Some personal highlights, in five minutes or less.
I spent the past couple of days attending the scientific talks at EuroSciPy 2014. Everything seemed to run smoothly, and hit about the right balance of packing a lot in without being overwhelming, so kudos to the organisers. I've summarised my personal highlights, with the relevant links in case anything piques your interest. (Even if no-one else reads it, at least I'll be able to find the links in six months.) I've tended towards the more generally applicable Python stuff, as opposed to domain-specific talks.
I think all talks were recorded - if those become available I'll update the post. This list is simply in chronological order.
Julia
The opening keynote was about the Julia programming language. While I'd heard a little about Julia before, this was my first proper introduction, and I'm seriously impressed. It seems that, even to those of us stuck in our Python mindset for general work, Julia provides a credible, high-level alternative to C / C++ / Fortran for writing high-performance inner-loop code, which is quite the achievement in itself. And for those who want to properly jump ship, you can take your Python ecosystem with you - the interoperability is quite amazing, including that of IPython Notebook / Julia-Jupyter.
Astropy
While I'm reasonably familiar with astropy, it was nice to get an update, and a quick look at the units module, which I hadn't come across before - I can see that being useful for a lot of complex physical simulation projects, not just in astronomy. Even more generally applicable, their asv (airspeed velocity) performance testing tool looks really nice, and is available as a standalone package.
Sloth-Hunting
(AKA Neural Networks for Computer Vision.)

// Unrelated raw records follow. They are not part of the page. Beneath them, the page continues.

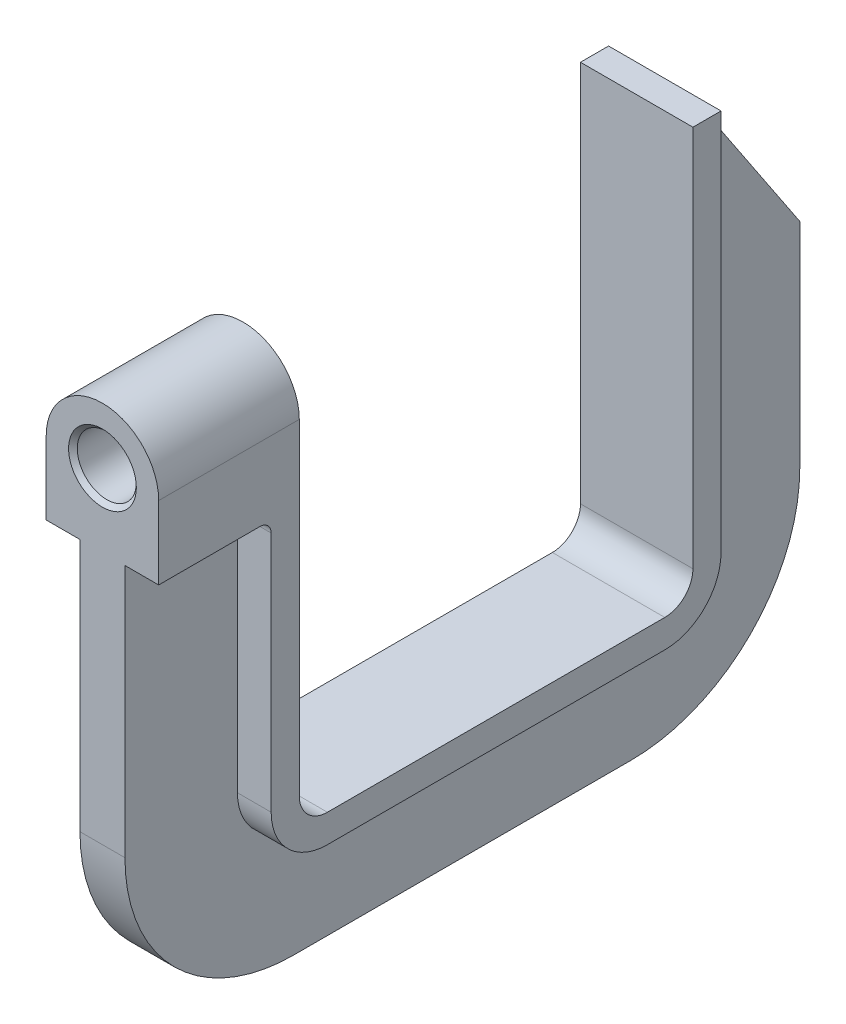
from build123d import *

# Parameters (mm, degrees)
BOSS_EXTRUDE2_DEPTH              = 4
BOSS_EXTRUDE3_DEPTH              = 10
BOSS_EXTRUDE6_DEPTH              = 25
CUT_EXTRUDE3_DEPTH               = 25
M12X1_5_TAPPED_HOLE1_D           = 10.5
M12X1_5_TAPPED_HOLE1_DEPTH       = 25
M12X1_5_TAPPED_HOLE1_CSINK_D     = 12.05
M12X1_5_TAPPED_HOLE1_CSINK_ANGLE = 90
FILLET1_R                        = 2


with BuildPart() as part:
    # Sketch1 → Boss-Extrude2 (new, symmetric)
    with BuildSketch(Plane(origin=(0, 0, 0), x_dir=(0, 0, -1), z_dir=(1, 0, 0))):
        with BuildLine():
            ThreePointArc((-65, -98), (-86.213203, -89.213203), (-95, -68))
            Line((-95, -68), (-95, 0))
            Line((-95, 0), (-75, 0))
            Line((-75, 0), (-75, -68))
            ThreePointArc((-75, -68), (-72.071068, -75.071068), (-65, -78))
            Line((-65, -78), (-5, -78))
            ThreePointArc((-5, -78), (2.071068, -75.071068), (5, -68))
            Line((5, -68), (5, 0))
            Line((5, 0), (25, -30))
            Line((25, -30), (25, -68))
            ThreePointArc((25, -68), (16.213203, -89.213203), (-5, -98))
            Line((-5, -98), (-65, -98))
        make_face()
    extrude(amount=BOSS_EXTRUDE2_DEPTH, both=True)

    # Sketch1<5> → Boss-Extrude3 (add, symmetric)
    with BuildSketch(Plane(origin=(0, 0, 0), x_dir=(0, 0, -1), z_dir=(1, 0, 0))):
        with BuildLine():
            ThreePointArc((-65, -78), (-72.071068, -75.071068), (-75, -68))
            Line((-75, -68), (-75, 0))
            Line((-75, 0), (-70, 0))
            Line((-70, 0), (-70, -68))
            ThreePointArc((-70, -68), (-68.535534, -71.535534), (-65, -73))
            Line((-65, -73), (-5, -73))
            ThreePointArc((-5, -73), (-1.464466, -71.535534), (0, -68))
            Line((0, -68), (0, 0))
            Line((0, 0), (5, 0))
            Line((5, 0), (5, -68))
            ThreePointArc((5, -68), (2.071068, -75.071068), (-5, -78))
            Line((-5, -78), (-65, -78))
        make_face()
    extrude(amount=BOSS_EXTRUDE3_DEPTH, both=True)

    # Sketch2 → Boss-Extrude6 (add)
    with BuildSketch(Plane.XY.offset(95)):
        with BuildLine():
            Line((-10, -10), (-10, -23))
            Line((-10, -23), (10, -23))
            Line((10, -23), (10, -10))
            ThreePointArc((10, -10), (0, 0), (-10, -10))
        make_face()
    extrude(amount=-BOSS_EXTRUDE6_DEPTH)

    # Sketch4 → Cut-Extrude3 (cut)
    with BuildSketch(Plane.XY.offset(95)):
        with BuildLine():
            Line((10, 0), (4, 0))
            Line((4, 0), (4, -0.834849))
            ThreePointArc((4, -0.834849), (8.3666, -4.522774), (10, -10))
            Line((10, -10), (10, 0))
        make_face()
        with BuildLine():
            Line((-10, 0), (-10, -10))
            ThreePointArc((-10, -10), (-8.3666, -4.522774), (-4, -0.834849))
            Line((-4, -0.834849), (-4, 0))
            Line((-4, 0), (-10, 0))
        make_face()
        with BuildLine():
            Line((-4, 0), (-4, -0.834849))
            ThreePointArc((-4, -0.834849), (-2.043096, -0.210937), (0, 0))
            Line((0, 0), (-4, 0))
        make_face()
        with BuildLine():
            Line((4, 0), (0, 0))
            ThreePointArc((0, 0), (2.043096, -0.210937), (4, -0.834849))
            Line((4, -0.834849), (4, 0))
        make_face()
    extrude(amount=-CUT_EXTRUDE3_DEPTH, mode=Mode.SUBTRACT)

    # M12x1.5 Tapped Hole1
    with Locations(Plane.XY.offset(95)):
        with Locations((0, -10)):
            CounterSinkHole(M12X1_5_TAPPED_HOLE1_D / 2, M12X1_5_TAPPED_HOLE1_CSINK_D / 2, depth=M12X1_5_TAPPED_HOLE1_DEPTH, counter_sink_angle=M12X1_5_TAPPED_HOLE1_CSINK_ANGLE)

    # Fillet1
    fillet1_edges = [part.edges().sort_by_distance(p)[0] for p in [
        (-7, -23, 75),
        (7, -23, 75),
    ]]
    fillet(fillet1_edges, radius=FILLET1_R)


solid = part.part
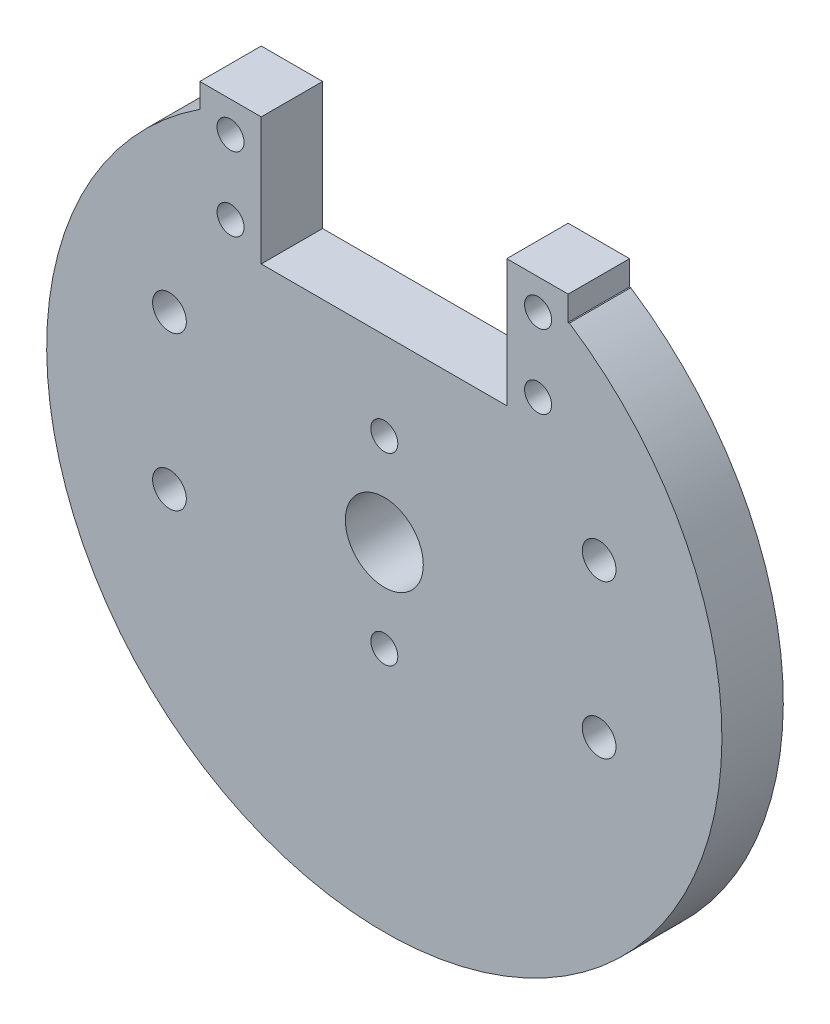
from build123d import *

# Parameters (mm, degrees)
SKETCH1_R           = 55
EXTRUDE_3_8_DEPTH   = 10
CUT_EXTRUDE1_DEPTH  = 10
SKETCH3_W           = 10
SKETCH3_H           = 20.75
BOSS_EXTRUDE2_DEPTH = 10
SKETCH4_R           = 2.2
M4_THROUGH_DEPTH    = 10
SKETCH5_R           = 6.35
CUT_EXTRUDE2_DEPTH  = 10
SKETCH6_R           = 2.2
M4_THROUGH2_DEPTH   = 10
SKETCH7_R           = 2.75
M5_THROUGH_DEPTH    = 10


with BuildPart() as part:
    # Sketch1 → 3/8 (new body)
    with BuildSketch(Plane.XY):
        Circle(SKETCH1_R)
    extrude(amount=EXTRUDE_3_8_DEPTH)

    # Sketch2 → Cut-Extrude1 (cut)
    with BuildSketch(Plane.XY.offset(10)):
        Polygon((-20.05060394, 46), (-20.05060394, 29.25), (19.94939606, 29.25), (19.94939606, 46), (30.149626863, 46), (30.149626863, 76.355115637), (-30.149626863, 76.355115637), (-30.149626863, 46), align=None)
    extrude(amount=-CUT_EXTRUDE1_DEPTH, mode=Mode.SUBTRACT)

    # Sketch3 → Boss-Extrude2 (add)
    with BuildSketch(Plane.XY.offset(10)):
        with Locations((-25.05060394, 39.625)):
            Rectangle(SKETCH3_W, SKETCH3_H)
        with Locations((24.94939606, 39.625)):
            Rectangle(SKETCH3_W, SKETCH3_H)
    extrude(amount=-BOSS_EXTRUDE2_DEPTH)

    # Sketch4 → M4_through (cut)
    with BuildSketch(Plane.XY.offset(10)):
        with Locations((-25.05060394, 45)):
            Circle(SKETCH4_R)
        with Locations((-25.05060394, 33)):
            Circle(SKETCH4_R)
        with Locations((25.05060394, 33)):
            Circle(SKETCH4_R)
        with Locations((25.05060394, 45)):
            Circle(SKETCH4_R)
    extrude(amount=-M4_THROUGH_DEPTH, mode=Mode.SUBTRACT)

    # Sketch5 → Cut-Extrude2 (cut)
    with BuildSketch(Plane.XY.offset(10)):
        Circle(SKETCH5_R)
    extrude(amount=-CUT_EXTRUDE2_DEPTH, mode=Mode.SUBTRACT)

    # Sketch6 → M4_through2 (cut)
    with BuildSketch(Plane.XY.offset(10)):
        with Locations((0, 15)):
            Circle(SKETCH6_R)
        with Locations((0, -15)):
            Circle(SKETCH6_R)
    extrude(amount=-M4_THROUGH2_DEPTH, mode=Mode.SUBTRACT)

    # Sketch7 → M5_through (cut)
    with BuildSketch(Plane.XY.offset(10)):
        with Locations((-35, 15)):
            Circle(SKETCH7_R)
        with Locations((-35, -10)):
            Circle(SKETCH7_R)
        with Locations((35, -10)):
            Circle(SKETCH7_R)
        with Locations((35, 15)):
            Circle(SKETCH7_R)
    extrude(amount=-M5_THROUGH_DEPTH, mode=Mode.SUBTRACT)


solid = part.part
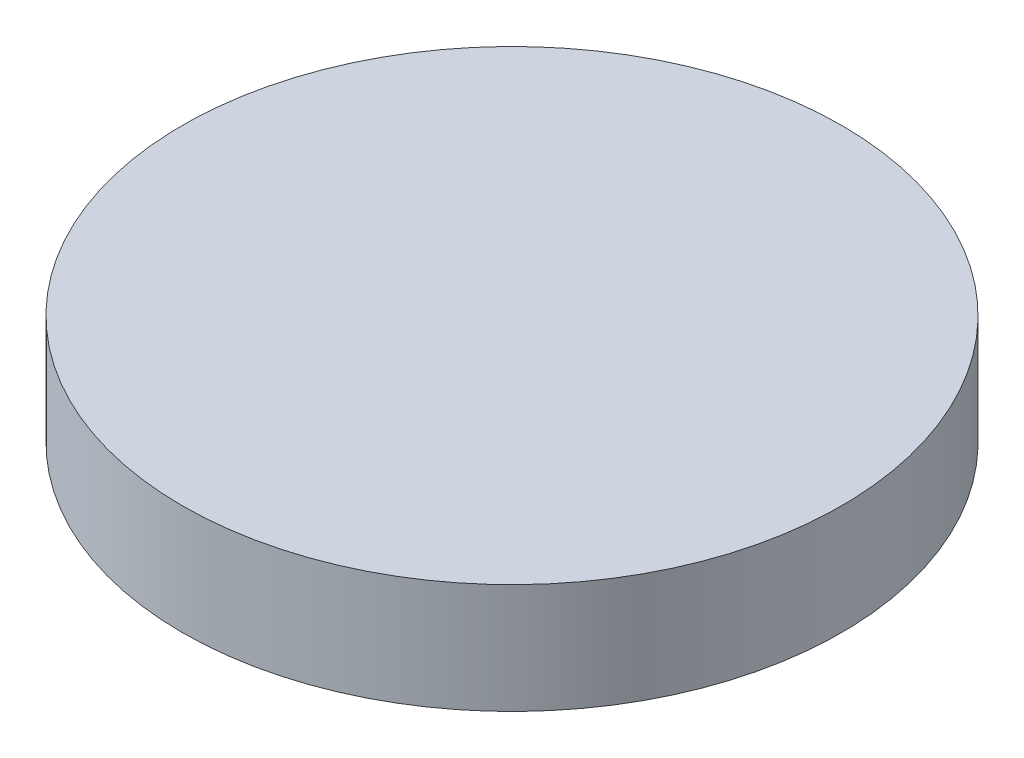
from build123d import *

# Parameters (mm, degrees)
SKETCH1_R           = 76.2
BOSS_EXTRUDE1_DEPTH = 25.4


with BuildPart() as part:
    # Sketch1 → Boss-Extrude1 (new body)
    with BuildSketch(Plane(origin=(0, 0, 0), x_dir=(1, 0, 0), z_dir=(0, 1, 0))):
        with Locations(Location((0, 0, 0), (0, 0, 270))):
            Circle(SKETCH1_R)
    extrude(amount=-BOSS_EXTRUDE1_DEPTH)


solid = part.part

Re-using a feature network (expensively) trained for cat / dog recognition, together with some fresh classifier weights for a rapid adaptation to sloth hunting. Lots of fun. (Ok, this was kind of specific, but who doesn't love sloths?)
Vispy
Vispy is a Python package for high-quality interactive OpenGL plotting, providing rich plots in two and three dimensions. This was the first I've heard of Vispy, and I'm not quite sure when I'll use it yet, but I'll definitely keep it in mind. As opposed to say, Blender, which is a largely polygonal (and hence pre-rendered) 3D modelling tool, Vispy makes extensive use of OpenGL trickery. This allows more efficient rich and even interactive plotting - for example you might graph thousands of points as little spheres, without actually needing (say) a hundred polygons per sphere - you just feed their positions and radii into the OpenGL engine.
Plotly
Plotly allows collaboration on plots across different languages and tools, which is smart. Adds a user-friendly web-interface for tweaking and annotating. They've also open-sourced a scientific plotting library for Javascript; plotly.js. As the speaker might have put it: sweet!
Biggus
Biggus provides deferred access Numpy arrays, allowing for (basic) lazy evaluation in Python. Useful for massive data arrays that might not even fit in RAM. I suspect I won't really understand how this works until I try using it, so I'm not going to attempt to explain further, but certainly worth noting.
Dill / Pathos
It seems Mike McKerns has been on a one-man mission to fix heterogeneous cluster computing in Python. Interesting stuff, and definitely bookmarked for future trials.
DyND
Finally, DyND provides an N-dimensional array handling library for C++, with Python wrappers from the get-go! Very excited about this, since I think it really fills a gap in the Python/C++ interface space. I've been thinking of trying Boost.NumPy for this sort of problem, but using something that's a first-class C++ library from the start sounds like a better way of going about it.
EuroSciPy is back to Cambridge in 2015 - see you there next year!